# Network timeouts and disconnects under load



## mart (Dec 30, 2008)

*Q:  *What's the best way to discover the cause of network timeouts?

*Background:  *Under regular load my network connection appears to work fine.  However, after ~15mins of heavy load I get network timeouts, disconnections, and can't even ping local addresses.  After about 4-5 minutes of complete inactivity, things will start up again, but only for a further minute or so.  This pattern repeats (1 min of connection, 4-5 mins of timeouts) until I reboot (ifconfig down/up doesn't clear things up).  During this time, only this machines connection seems to be affected - I can connect to the outside and maintain a good connection from other machines (so long as I bypass this machine).

*How I'm stressing the connection:  *32 simultaneous SSL connections to my nntp provider.  Maxing out at ~1.0MB/s total.  No ISP or news provider caps, and my machine / net interface should comfortably sustain this without issue (as it has on other operating systems).  I've attempted the same load with two different nntp apps.  Same result.  Top shows my machine, memory and swap are all fine before and during these periods.  Router shows no dropped packets or network errors.

*Things I've tried:*

pf      enabled / disabled - no effect.
dnsmasq enabled / disabled - no effect.
different apps - no effect.
sysclt tuning - no effect.

I tried tuning network sysctl options as described in the handbook, 'man tuning' and some of the more sensible online howtos.  Same behavior.

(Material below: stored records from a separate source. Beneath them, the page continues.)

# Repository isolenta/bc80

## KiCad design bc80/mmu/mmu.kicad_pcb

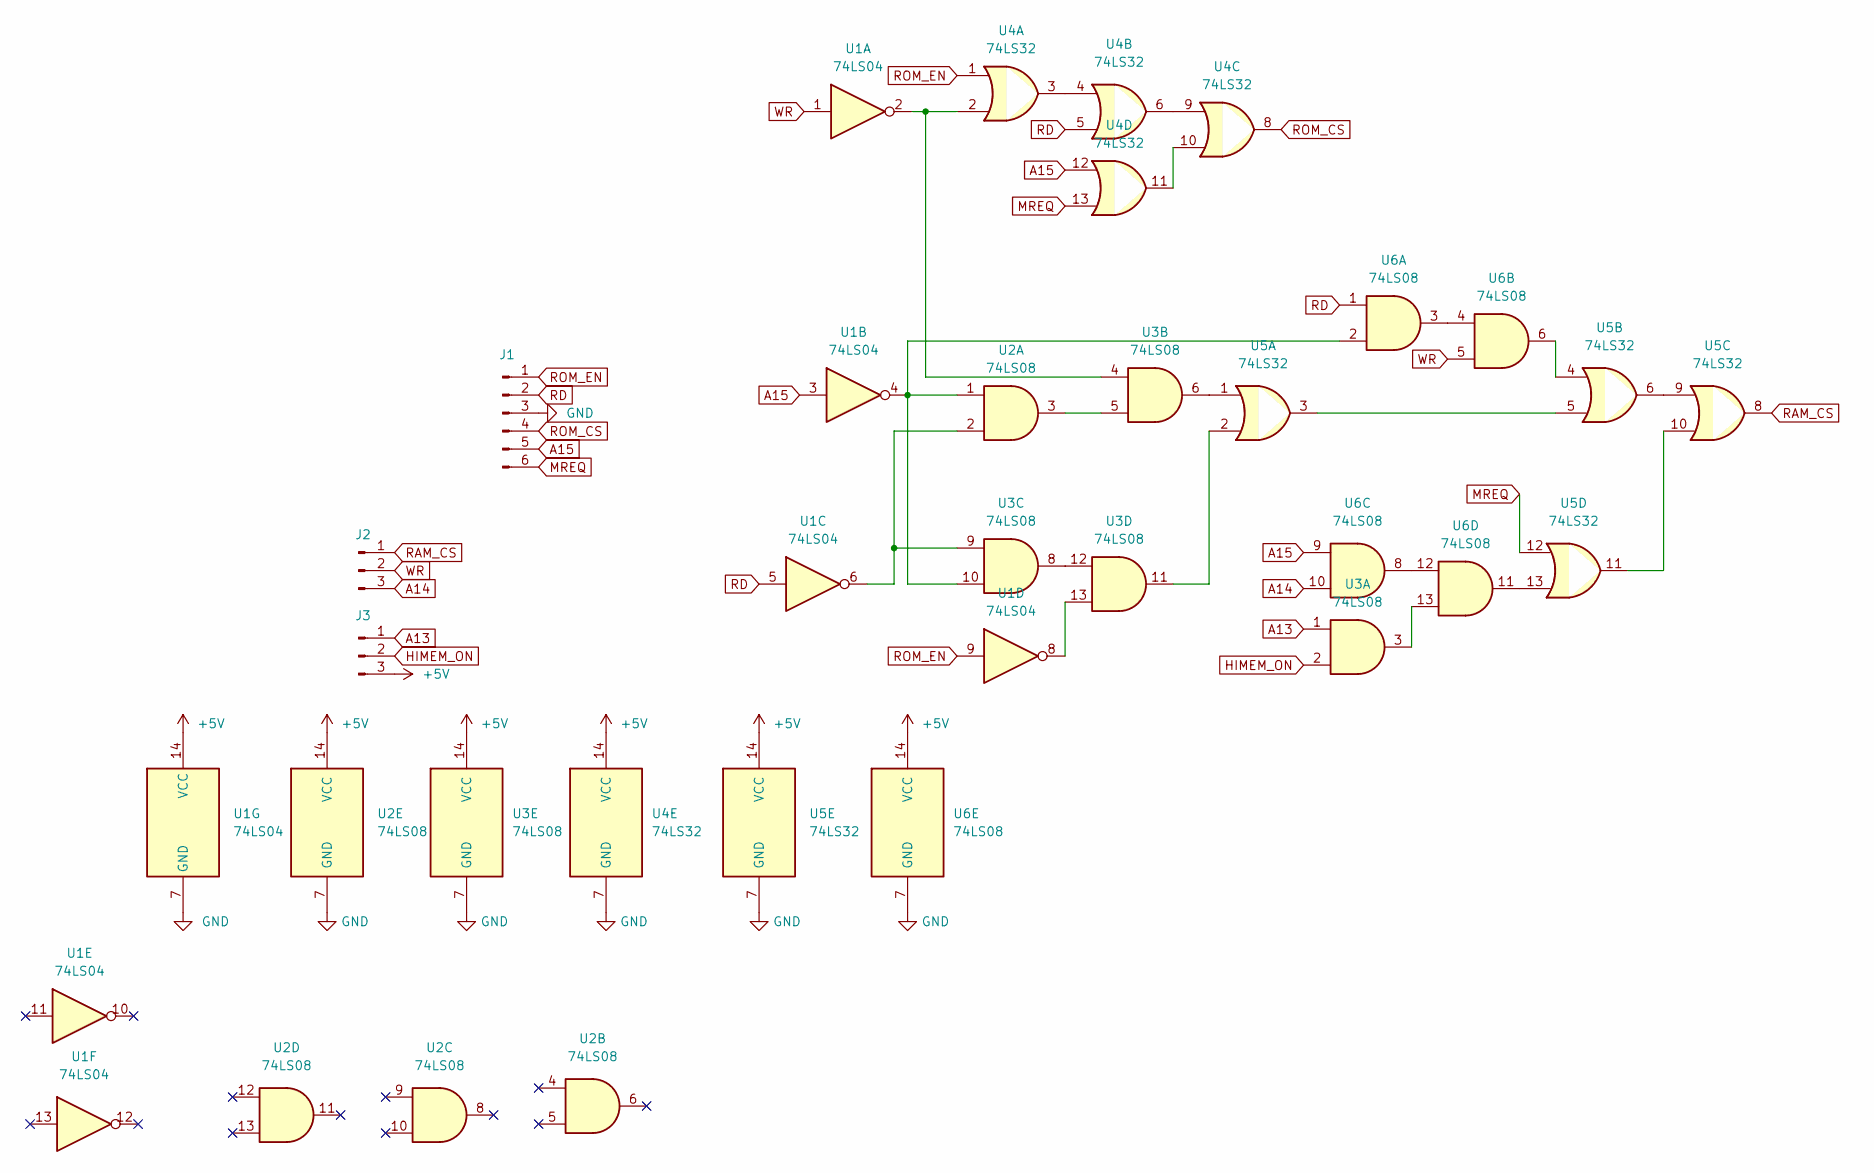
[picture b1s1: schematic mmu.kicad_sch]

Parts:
J1: Conn_01x06_Male; PinHeader_1x06_P2.54mm_Vertical
J2, J3: Conn_01x03_Male; PinHeader_1x03_P2.54mm_Vertical
U1: 74LS04; DIP-14_W7.62mm_LongPads
U2, U3, U6: 74LS08; DIP-14_W7.62mm_LongPads
U4, U5: 74LS32; DIP-14_W7.62mm_LongPads

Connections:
+5V: J3.3, U1.14 (VCC), U2.14 (VCC), U3.14 (VCC), U4.14 (VCC), U5.14 (VCC), U6.14 (VCC)
A13: J3.1, U3.1
A14: J2.3, U6.10
A15: J1.5, U1.3, U4.12, U6.9
GND: J1.3, U1.7 (GND), U2.7 (GND), U3.7 (GND), U4.7 (GND), U5.7 (GND), U6.7 (GND)
HIMEM_ON: J3.2, U3.2
MREQ: J1.6, U4.13, U5.12
unnamed: U1.2, U3.4, U4.2
unnamed: U1.4, U2.1, U3.10, U6.2
unnamed: U1.6, U2.2, U3.9
unnamed: U1.8, U3.13
unnamed: U2.3, U3.5
unnamed: U3.3, U6.13
unnamed: U3.6, U5.1
unnamed: U3.11, U5.2
unnamed: U3.8, U3.12
unnamed: U4.3, U4.4
unnamed: U4.6, U4.9
unnamed: U4.10, U4.11
unnamed: U5.3, U5.5
unnamed: U5.4, U6.6
unnamed: U5.6, U5.9
unnamed: U5.10, U5.11
unnamed: U5.13, U6.11
unnamed: U6.3, U6.4
unnamed: U6.8, U6.12
RAM_CS: J2.1, U5.8
RD: J1.2, U1.5, U4.5, U6.1
ROM_CS: J1.4, U4.8
ROM_EN: J1.1, U1.9, U4.1
WR: J2.2, U1.1, U6.5

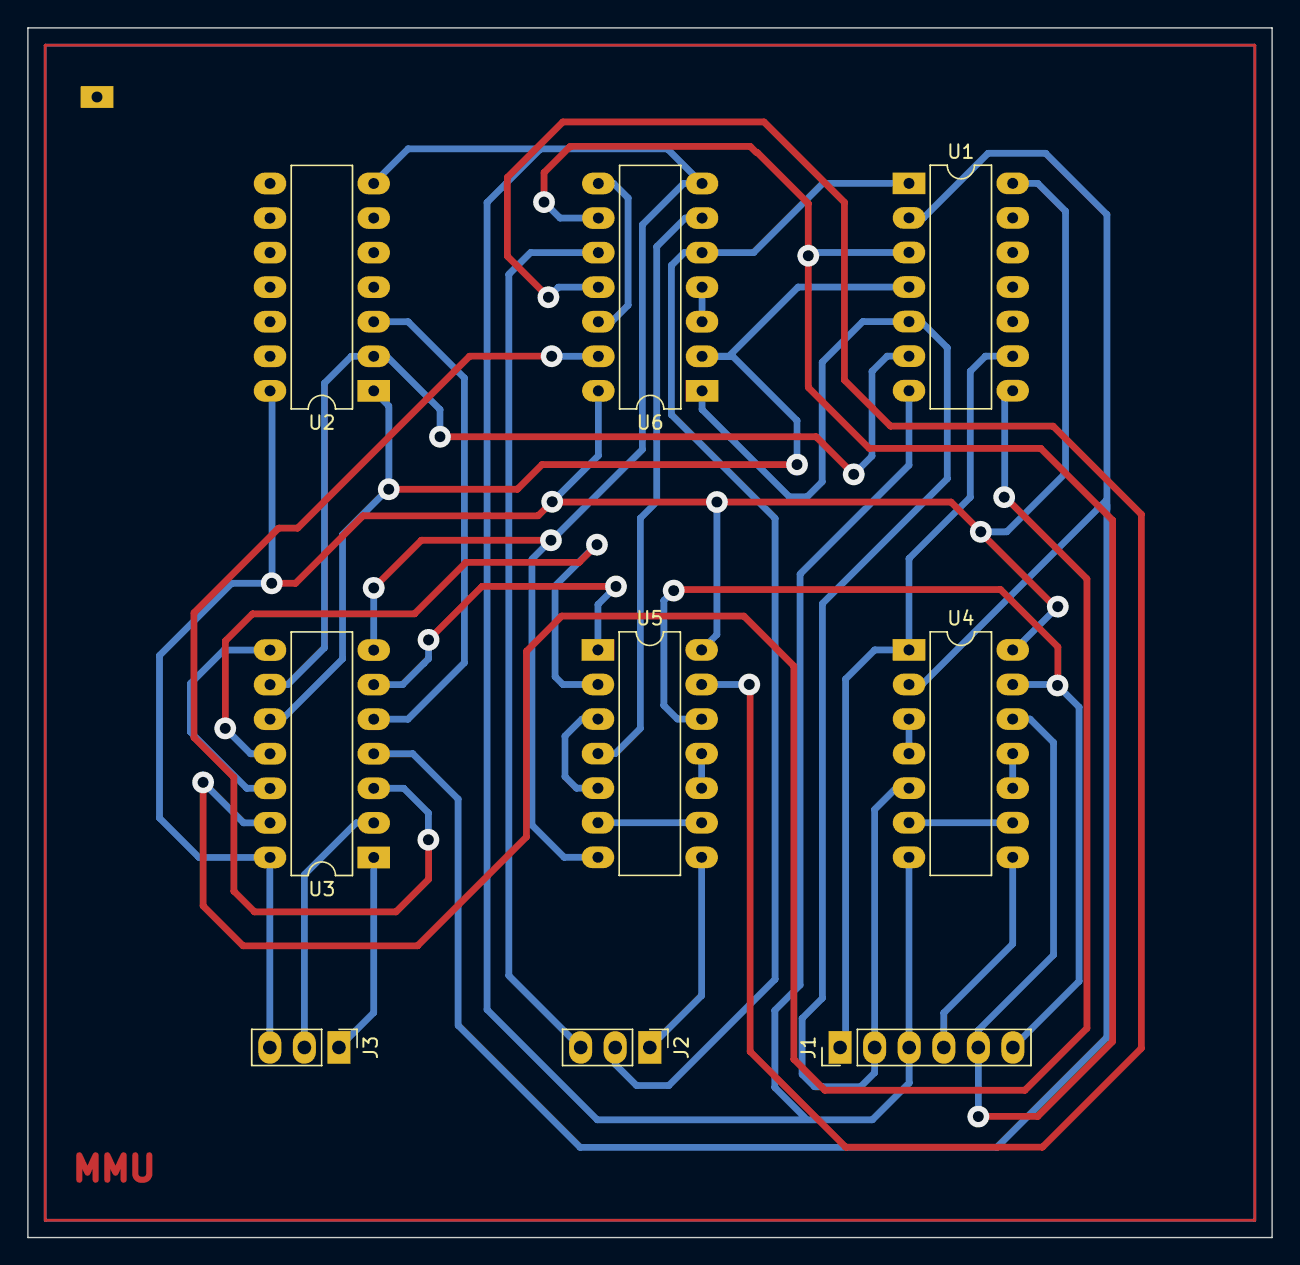
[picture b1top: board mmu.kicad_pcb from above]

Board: 2 copper layers, 91.4 x 88.9 mm, 9 parts (0 on the bottom side), 31 nets.

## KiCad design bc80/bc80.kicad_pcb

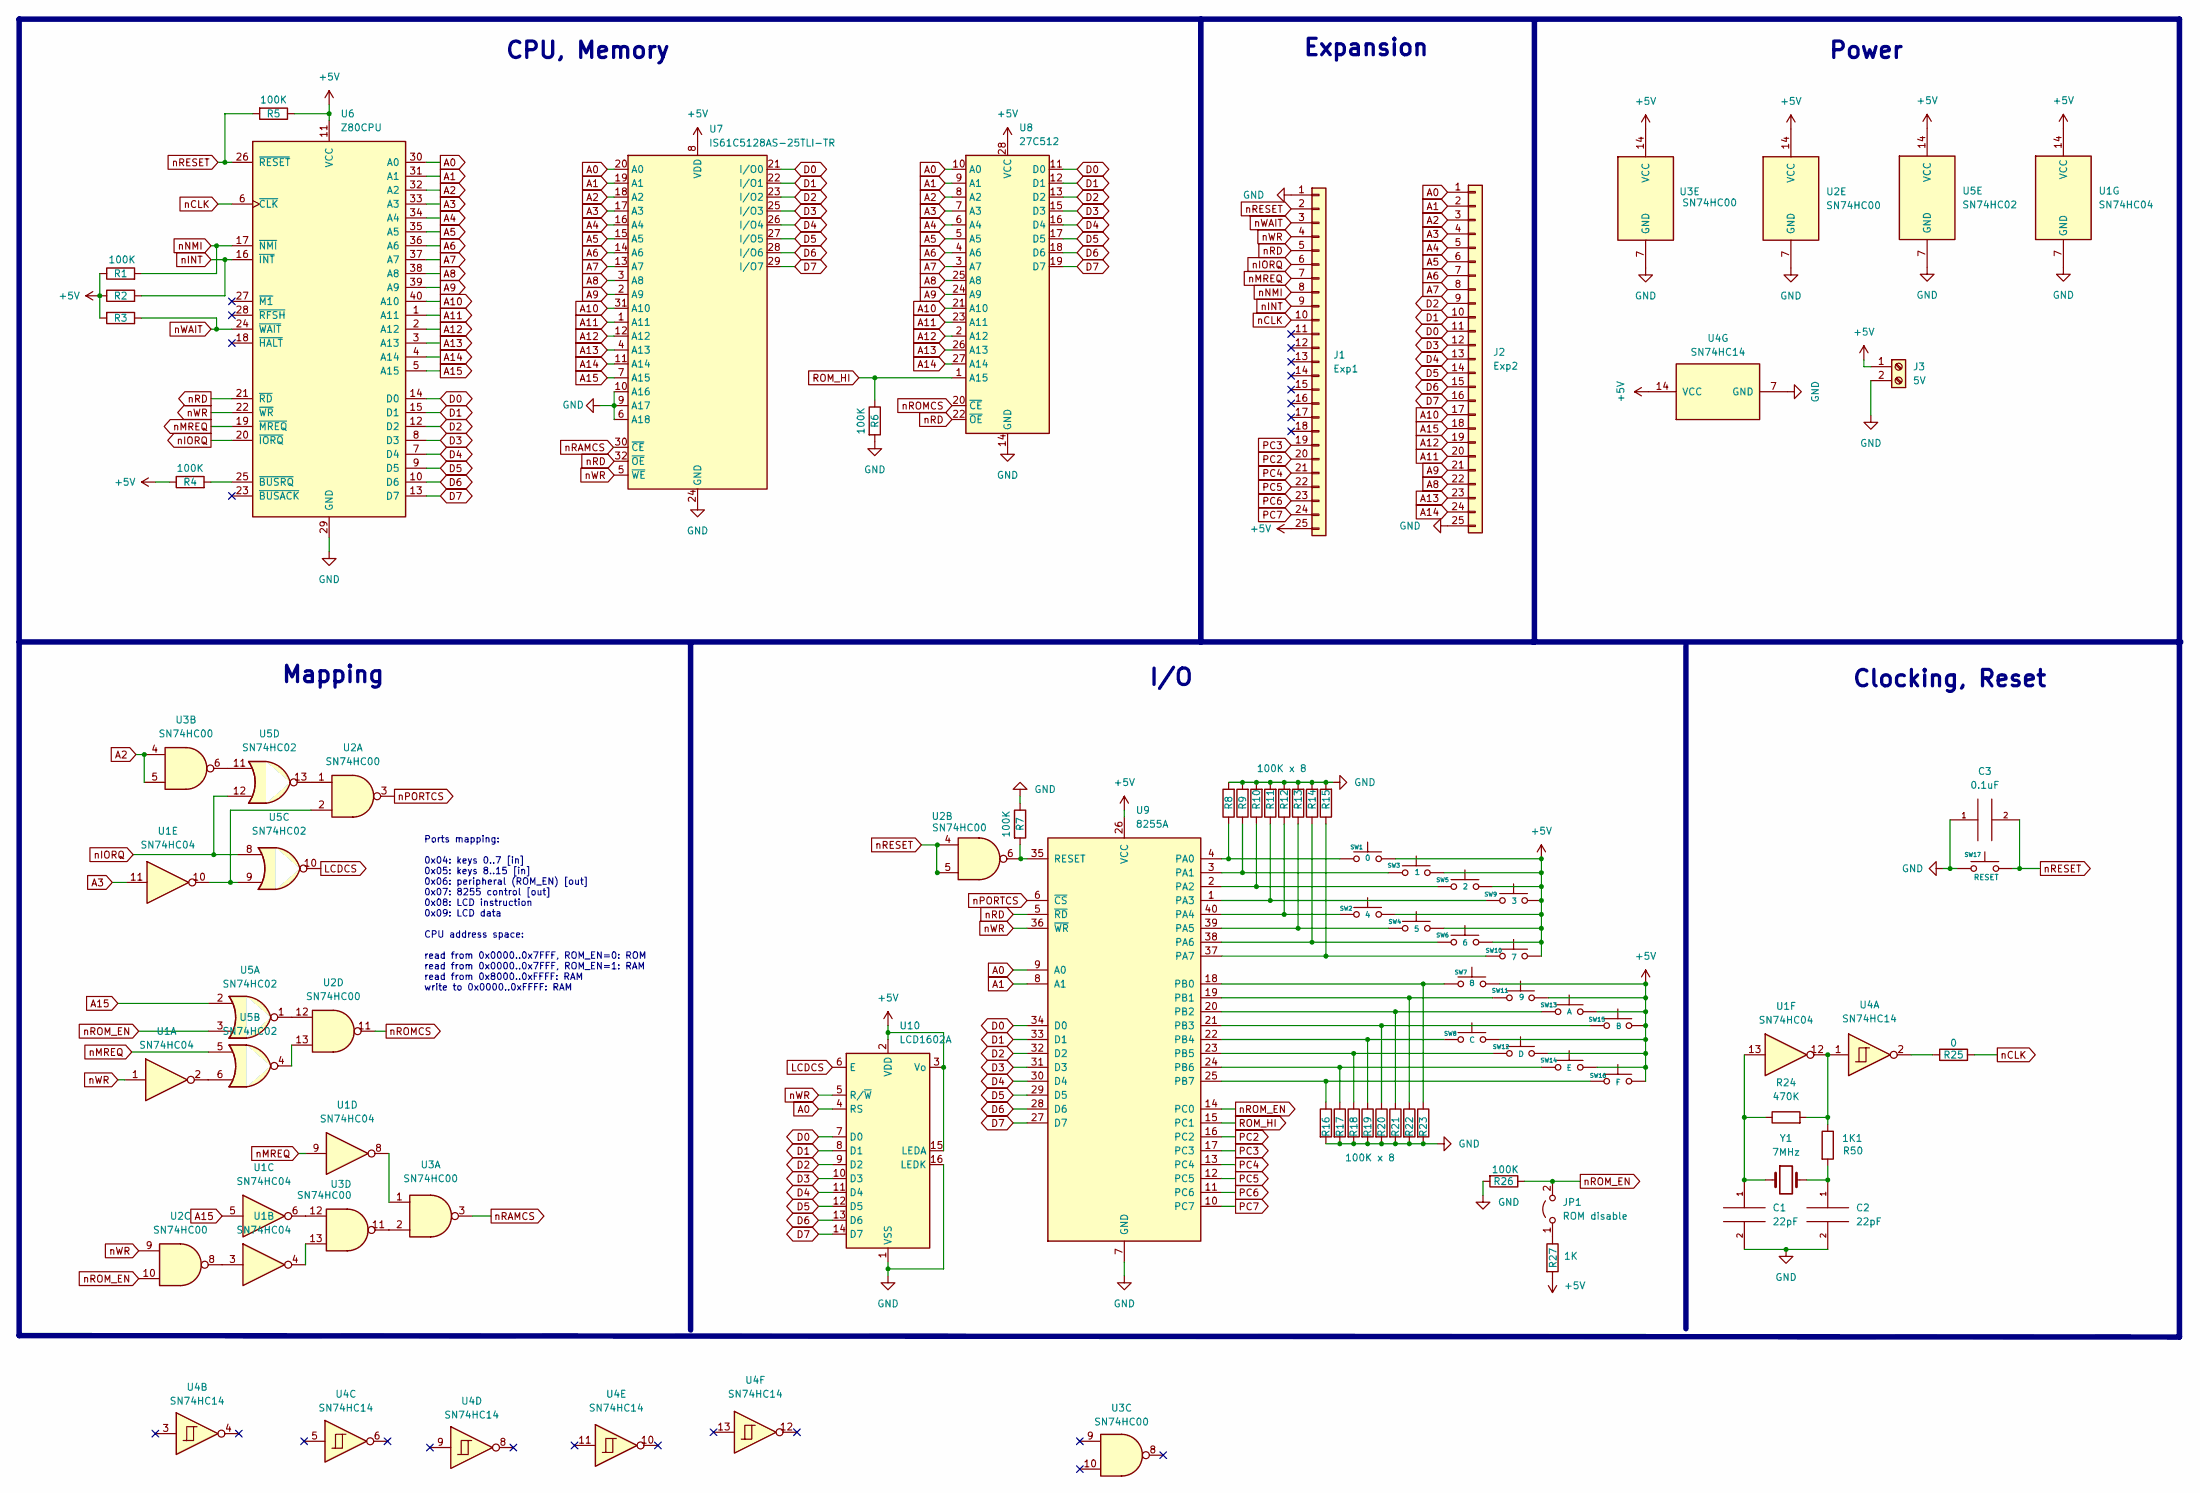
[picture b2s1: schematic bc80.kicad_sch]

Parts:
1K1: R50; R_0805_2012Metric
C1, C2: 22pF; C_0805_2012Metric
C3: 0.1uF; C_0805_2012Metric
J1: Exp1; PinHeader_1x25_P2.54mm_Vertical
J2: Exp2; PinHeader_1x25_P2.54mm_Vertical
J3: 5V; TerminalBlock_Altech_AK300-2_P5.00mm
JP1: ROM disable; PinHeader_1x02_P2.00mm_Vertical
R1, R2, R3, R4, R5, R6, R7, R9, R10, R11, R12, R13, R14, R15, R16, R17, R18, R19, R20, R21, R22, R26: 100K; R_0805_2012Metric
R8, R23: 100K x 8; R_0805_2012Metric
R24: 470K; R_0805_2012Metric
R25: 0; R_0805_2012Metric
R27: 1K; R_0805_2012Metric
SW1: 0; SW_Push_1P1T_NO_6x6mm_H9.5mm
SW2: 4; SW_Push_1P1T_NO_6x6mm_H9.5mm
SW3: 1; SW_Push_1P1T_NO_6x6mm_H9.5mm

I've been trying to get to the bottom of this for a few days, and am now out of ideas.  I'm currently having to reboot my machine every 30 mins or so to clear these connections.

It _feels_ like I'm filling buffers faster than I'm clearing them, or exceeding some hard limit, but that isn't supported by the sysctl tuning I've attempted.  It seems I might need to learn some lower level tools to determine the cause.  

7.0-RELEASE-p7, all packages fully up-to-date.

Ideas anyone?


----------



## r-c-e (Jan 1, 2009)

Perhaps you're maxing out mbuf clusters? What does "netstat -m" show you?


----------



## mart (Jan 1, 2009)

r-c-e said:
			
		

> Perhaps you're maxing out mbuf clusters? What does "netstat -m" show you?



Thanks r-c-e, netstat -m is _exactly_ what I was looking for.

I should have posted again yesterday as I believe I discovered a workaround, but I wanted to test things further to be sure.  Anyway, here's an update:

After all kinds of sysctl tuning, I went back to my default ifconfig setup and disabled jumbo frames.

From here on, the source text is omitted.